#### Working data

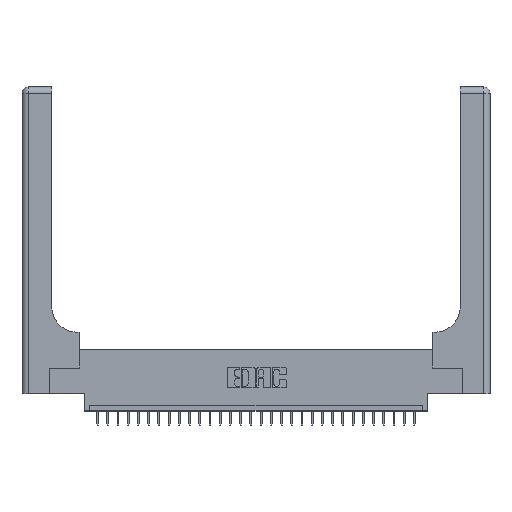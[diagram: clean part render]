
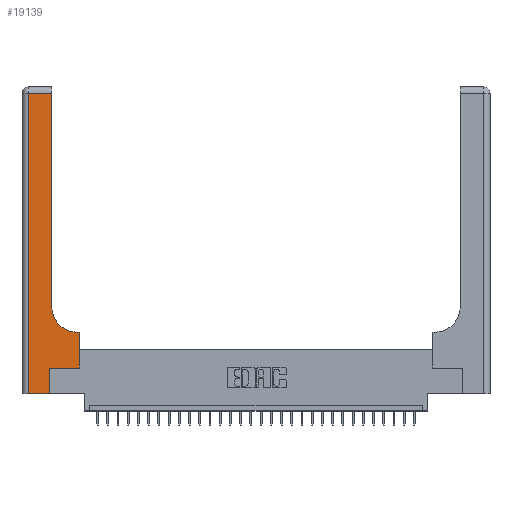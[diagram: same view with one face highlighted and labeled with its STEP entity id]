
A CAD part, top view. The second image highlights one B-rep face of the part: STEP entity #19139.
In plain terms, the highlighted planar face has unit normal (0, 0, 1).
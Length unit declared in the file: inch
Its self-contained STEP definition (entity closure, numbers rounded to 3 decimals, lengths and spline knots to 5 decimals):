
#1708 = LINE ( 'NONE', #11243, #18400 ) ;
#1848 = LINE ( 'NONE', #21252, #30344 ) ;
#2127 = EDGE_CURVE ( 'NONE', #12194, #25088, #1848, .T. ) ;
#2294 = ORIENTED_EDGE ( 'NONE', *, *, #20366, .T. ) ;
#2508 = CARTESIAN_POINT ( 'NONE',  ( 0.06, 0., 0.37 ) ) ;
#3437 = VECTOR ( 'NONE', #15383, 39.37008 ) ;
#3662 = CARTESIAN_POINT ( 'NONE',  ( 0.5415, 0.85, 0.37 ) ) ;
#3814 = VECTOR ( 'NONE', #15728, 39.37008 ) ;
#4386 = AXIS2_PLACEMENT_3D ( 'NONE', #22668, #16112, #18139 ) ;
#4457 = ORIENTED_EDGE ( 'NONE', *, *, #7508, .T. ) ;
#5195 = CARTESIAN_POINT ( 'NONE',  ( 0.2915, 0.85, 0.37 ) ) ;
#5410 = DIRECTION ( 'NONE',  ( 0., 1., 0. ) ) ;
#5840 = CARTESIAN_POINT ( 'NONE',  ( 0.2915, 3., 0.37 ) ) ;
#6529 = DIRECTION ( 'NONE',  ( 1., 0., 0. ) ) ;
#7273 = VERTEX_POINT ( 'NONE', #26489 ) ;
#7508 = EDGE_CURVE ( 'NONE', #7610, #30531, #23966, .T. ) ;
#7527 = ORIENTED_EDGE ( 'NONE', *, *, #20563, .T. ) ;
#7610 = VERTEX_POINT ( 'NONE', #11941 ) ;
#8017 = CARTESIAN_POINT ( 'NONE',  ( 0.5415, 0.6, 0.37 ) ) ;
#8214 = DIRECTION ( 'NONE',  ( 0., 0., -1. ) ) ;
#8758 = PLANE ( 'NONE',  #4386 ) ;
#9239 = VERTEX_POINT ( 'NONE', #5195 ) ;
#10083 = VERTEX_POINT ( 'NONE', #28824 ) ;
#10476 = EDGE_CURVE ( 'NONE', #16559, #23525, #17766, .T. ) ;
#10878 = VECTOR ( 'NONE', #5410, 39.37008 ) ;
#11243 = CARTESIAN_POINT ( 'NONE',  ( 0., 0., 0.37 ) ) ;
#11747 = ORIENTED_EDGE ( 'NONE', *, *, #14664, .T. ) ;
#11941 = CARTESIAN_POINT ( 'NONE',  ( 0.269, 0., 0.37 ) ) ;
#11966 = LINE ( 'NONE', #21512, #10878 ) ;
#12194 = VERTEX_POINT ( 'NONE', #25504 ) ;
#13186 = LINE ( 'NONE', #5840, #3437 ) ;
#13250 = VECTOR ( 'NONE', #6529, 39.37008 ) ;
#14511 = EDGE_CURVE ( 'NONE', #7273, #16559, #11966, .T. ) ;
#14664 = EDGE_CURVE ( 'NONE', #23525, #9239, #21405, .T. ) ;
#15383 = DIRECTION ( 'NONE',  ( 0., 1., 0. ) ) ;
#15728 = DIRECTION ( 'NONE',  ( -1., 0., 0. ) ) ;
#16112 = DIRECTION ( 'NONE',  ( 0., 0., -1. ) ) ;
#16171 = VECTOR ( 'NONE', #16503, 39.37008 ) ;
#16503 = DIRECTION ( 'NONE',  ( 0., 1., 0. ) ) ;
#16559 = VERTEX_POINT ( 'NONE', #26092 ) ;
#17090 = ORIENTED_EDGE ( 'NONE', *, *, #29952, .T. ) ;
#17119 = ORIENTED_EDGE ( 'NONE', *, *, #2127, .T. ) ;
#17766 = LINE ( 'NONE', #17918, #3814 ) ;
#17918 = CARTESIAN_POINT ( 'NONE',  ( 0.2915, 0.6, 0.37 ) ) ;
#18139 = DIRECTION ( 'NONE',  ( -1., 0., 0. ) ) ;
#18252 = CARTESIAN_POINT ( 'NONE',  ( 0.269, 0.25, 0.37 ) ) ;
#18259 = EDGE_CURVE ( 'NONE', #25088, #7610, #1708, .T. ) ;
#18400 = VECTOR ( 'NONE', #20787, 39.37008 ) ;
#18527 = ORIENTED_EDGE ( 'NONE', *, *, #14511, .T. ) ;
#19110 = DIRECTION ( 'NONE',  ( -1., 0., 0. ) ) ;
#19139 = ADVANCED_FACE ( 'NONE', ( #25299 ), #8758, .F. ) ;
#19916 = VECTOR ( 'NONE', #19110, 39.37008 ) ;
#20084 = DIRECTION ( 'NONE',  ( 1., 0., 0. ) ) ;
#20366 = EDGE_CURVE ( 'NONE', #9239, #10083, #13186, .T. ) ;
#20563 = EDGE_CURVE ( 'NONE', #10083, #12194, #24400, .T. ) ;
#20787 = DIRECTION ( 'NONE',  ( 1., 0., 0. ) ) ;
#21252 = CARTESIAN_POINT ( 'NONE',  ( 0.06, 3., 0.37 ) ) ;
#21405 = CIRCLE ( 'NONE', #28332, 0.25 ) ;
#21512 = CARTESIAN_POINT ( 'NONE',  ( 0.5585, 0.25, 0.37 ) ) ;
#22107 = EDGE_LOOP ( 'NONE', ( #2294, #7527, #17119, #23556, #4457, #17090, #18527, #23980, #11747 ) ) ;
#22668 = CARTESIAN_POINT ( 'NONE',  ( 0., 3., 0.37 ) ) ;
#23525 = VERTEX_POINT ( 'NONE', #8017 ) ;
#23556 = ORIENTED_EDGE ( 'NONE', *, *, #18259, .T. ) ;
#23571 = DIRECTION ( 'NONE',  ( 0., -1., 0. ) ) ;
#23807 = CARTESIAN_POINT ( 'NONE',  ( 0.269, 0., 0.37 ) ) ;
#23966 = LINE ( 'NONE', #23807, #16171 ) ;
#23980 = ORIENTED_EDGE ( 'NONE', *, *, #10476, .T. ) ;
#24400 = LINE ( 'NONE', #26722, #19916 ) ;
#25088 = VERTEX_POINT ( 'NONE', #2508 ) ;
#25299 = FACE_OUTER_BOUND ( 'NONE', #22107, .T. ) ;
#25504 = CARTESIAN_POINT ( 'NONE',  ( 0.06, 2.94, 0.37 ) ) ;
#25712 = LINE ( 'NONE', #18252, #13250 ) ;
#26092 = CARTESIAN_POINT ( 'NONE',  ( 0.5585, 0.6, 0.37 ) ) ;
#26489 = CARTESIAN_POINT ( 'NONE',  ( 0.5585, 0.25, 0.37 ) ) ;
#26722 = CARTESIAN_POINT ( 'NONE',  ( 0., 2.94, 0.37 ) ) ;
#28332 = AXIS2_PLACEMENT_3D ( 'NONE', #3662, #8214, #20084 ) ;
#28824 = CARTESIAN_POINT ( 'NONE',  ( 0.2915, 2.94, 0.37 ) ) ;
#29271 = CARTESIAN_POINT ( 'NONE',  ( 0.269, 0.25, 0.37 ) ) ;
#29952 = EDGE_CURVE ( 'NONE', #30531, #7273, #25712, .T. ) ;
#30344 = VECTOR ( 'NONE', #23571, 39.37008 ) ;
#30531 = VERTEX_POINT ( 'NONE', #29271 ) ;

#### Problem requirements
Transcribe the listing above in full. Pictures are not part of the copy.

#### Exercise result
[diagram: clean part render]
[diagram: same view with one face highlighted and labeled with its STEP entity id]
A CAD part, top view. The second image highlights one B-rep face of the part: STEP entity #19139.
In plain terms, the highlighted planar face has unit normal (0, 0, 1).
Length unit declared in the file: inch
Its self-contained STEP definition (entity closure, numbers rounded to 3 decimals, lengths and spline knots to 5 decimals):
#1708 = LINE ( 'NONE', #11243, #18400 ) ;
#1848 = LINE ( 'NONE', #21252, #30344 ) ;
#2127 = EDGE_CURVE ( 'NONE', #12194, #25088, #1848, .T. ) ;
#2294 = ORIENTED_EDGE ( 'NONE', *, *, #20366, .T. ) ;
#2508 = CARTESIAN_POINT ( 'NONE',  ( 0.06, 0., 0.37 ) ) ;
#3437 = VECTOR ( 'NONE', #15383, 39.37008 ) ;
#3662 = CARTESIAN_POINT ( 'NONE',  ( 0.5415, 0.85, 0.37 ) ) ;
#3814 = VECTOR ( 'NONE', #15728, 39.37008 ) ;
#4386 = AXIS2_PLACEMENT_3D ( 'NONE', #22668, #16112, #18139 ) ;
#4457 = ORIENTED_EDGE ( 'NONE', *, *, #7508, .T. ) ;
#5195 = CARTESIAN_POINT ( 'NONE',  ( 0.2915, 0.85, 0.37 ) ) ;
#5410 = DIRECTION ( 'NONE',  ( 0., 1., 0. ) ) ;
#5840 = CARTESIAN_POINT ( 'NONE',  ( 0.2915, 3., 0.37 ) ) ;
#6529 = DIRECTION ( 'NONE',  ( 1., 0., 0. ) ) ;
#7273 = VERTEX_POINT ( 'NONE', #26489 ) ;
#7508 = EDGE_CURVE ( 'NONE', #7610, #30531, #23966, .T. ) ;
#7527 = ORIENTED_EDGE ( 'NONE', *, *, #20563, .T. ) ;
#7610 = VERTEX_POINT ( 'NONE', #11941 ) ;
#8017 = CARTESIAN_POINT ( 'NONE',  ( 0.5415, 0.6, 0.37 ) ) ;
#8214 = DIRECTION ( 'NONE',  ( 0., 0., -1. ) ) ;
#8758 = PLANE ( 'NONE',  #4386 ) ;
#9239 = VERTEX_POINT ( 'NONE', #5195 ) ;
#10083 = VERTEX_POINT ( 'NONE', #28824 ) ;
#10476 = EDGE_CURVE ( 'NONE', #16559, #23525, #17766, .T. ) ;
#10878 = VECTOR ( 'NONE', #5410, 39.37008 ) ;
#11243 = CARTESIAN_POINT ( 'NONE',  ( 0., 0., 0.37 ) ) ;
#11747 = ORIENTED_EDGE ( 'NONE', *, *, #14664, .T. ) ;
#11941 = CARTESIAN_POINT ( 'NONE',  ( 0.269, 0., 0.37 ) ) ;
#11966 = LINE ( 'NONE', #21512, #10878 ) ;
#12194 = VERTEX_POINT ( 'NONE', #25504 ) ;
#13186 = LINE ( 'NONE', #5840, #3437 ) ;
#13250 = VECTOR ( 'NONE', #6529, 39.37008 ) ;
#14511 = EDGE_CURVE ( 'NONE', #7273, #16559, #11966, .T. ) ;
#14664 = EDGE_CURVE ( 'NONE', #23525, #9239, #21405, .T. ) ;
#15383 = DIRECTION ( 'NONE',  ( 0., 1., 0. ) ) ;
#15728 = DIRECTION ( 'NONE',  ( -1., 0., 0. ) ) ;
#16112 = DIRECTION ( 'NONE',  ( 0., 0., -1. ) ) ;
#16171 = VECTOR ( 'NONE', #16503, 39.37008 ) ;
#16503 = DIRECTION ( 'NONE',  ( 0., 1., 0. ) ) ;
#16559 = VERTEX_POINT ( 'NONE', #26092 ) ;
#17090 = ORIENTED_EDGE ( 'NONE', *, *, #29952, .T. ) ;
#17119 = ORIENTED_EDGE ( 'NONE', *, *, #2127, .T. ) ;
#17766 = LINE ( 'NONE', #17918, #3814 ) ;
#17918 = CARTESIAN_POINT ( 'NONE',  ( 0.2915, 0.6, 0.37 ) ) ;
#18139 = DIRECTION ( 'NONE',  ( -1., 0., 0. ) ) ;
#18252 = CARTESIAN_POINT ( 'NONE',  ( 0.269, 0.25, 0.37 ) ) ;
#18259 = EDGE_CURVE ( 'NONE', #25088, #7610, #1708, .T. ) ;
#18400 = VECTOR ( 'NONE', #20787, 39.37008 ) ;
#18527 = ORIENTED_EDGE ( 'NONE', *, *, #14511, .T. ) ;
#19110 = DIRECTION ( 'NONE',  ( -1., 0., 0. ) ) ;
#19139 = ADVANCED_FACE ( 'NONE', ( #25299 ), #8758, .F. ) ;
#19916 = VECTOR ( 'NONE', #19110, 39.37008 ) ;
#20084 = DIRECTION ( 'NONE',  ( 1., 0., 0. ) ) ;
#20366 = EDGE_CURVE ( 'NONE', #9239, #10083, #13186, .T. ) ;
#20563 = EDGE_CURVE ( 'NONE', #10083, #12194, #24400, .T. ) ;
#20787 = DIRECTION ( 'NONE',  ( 1., 0., 0. ) ) ;
#21252 = CARTESIAN_POINT ( 'NONE',  ( 0.06, 3., 0.37 ) ) ;
#21405 = CIRCLE ( 'NONE', #28332, 0.25 ) ;
#21512 = CARTESIAN_POINT ( 'NONE',  ( 0.5585, 0.25, 0.37 ) ) ;
#22107 = EDGE_LOOP ( 'NONE', ( #2294, #7527, #17119, #23556, #4457, #17090, #18527, #23980, #11747 ) ) ;
#22668 = CARTESIAN_POINT ( 'NONE',  ( 0., 3., 0.37 ) ) ;
#23525 = VERTEX_POINT ( 'NONE', #8017 ) ;
#23556 = ORIENTED_EDGE ( 'NONE', *, *, #18259, .T. ) ;
#23571 = DIRECTION ( 'NONE',  ( 0., -1., 0. ) ) ;
#23807 = CARTESIAN_POINT ( 'NONE',  ( 0.269, 0., 0.37 ) ) ;
#23966 = LINE ( 'NONE', #23807, #16171 ) ;
#23980 = ORIENTED_EDGE ( 'NONE', *, *, #10476, .T. ) ;
#24400 = LINE ( 'NONE', #26722, #19916 ) ;
#25088 = VERTEX_POINT ( 'NONE', #2508 ) ;
#25299 = FACE_OUTER_BOUND ( 'NONE', #22107, .T. ) ;
#25504 = CARTESIAN_POINT ( 'NONE',  ( 0.06, 2.94, 0.37 ) ) ;
#25712 = LINE ( 'NONE', #18252, #13250 ) ;
#26092 = CARTESIAN_POINT ( 'NONE',  ( 0.5585, 0.6, 0.37 ) ) ;
#26489 = CARTESIAN_POINT ( 'NONE',  ( 0.5585, 0.25, 0.37 ) ) ;
#26722 = CARTESIAN_POINT ( 'NONE',  ( 0., 2.94, 0.37 ) ) ;
#28332 = AXIS2_PLACEMENT_3D ( 'NONE', #3662, #8214, #20084 ) ;
#28824 = CARTESIAN_POINT ( 'NONE',  ( 0.2915, 2.94, 0.37 ) ) ;
#29271 = CARTESIAN_POINT ( 'NONE',  ( 0.269, 0.25, 0.37 ) ) ;
#29952 = EDGE_CURVE ( 'NONE', #30531, #7273, #25712, .T. ) ;
#30344 = VECTOR ( 'NONE', #23571, 39.37008 ) ;
#30531 = VERTEX_POINT ( 'NONE', #29271 ) ;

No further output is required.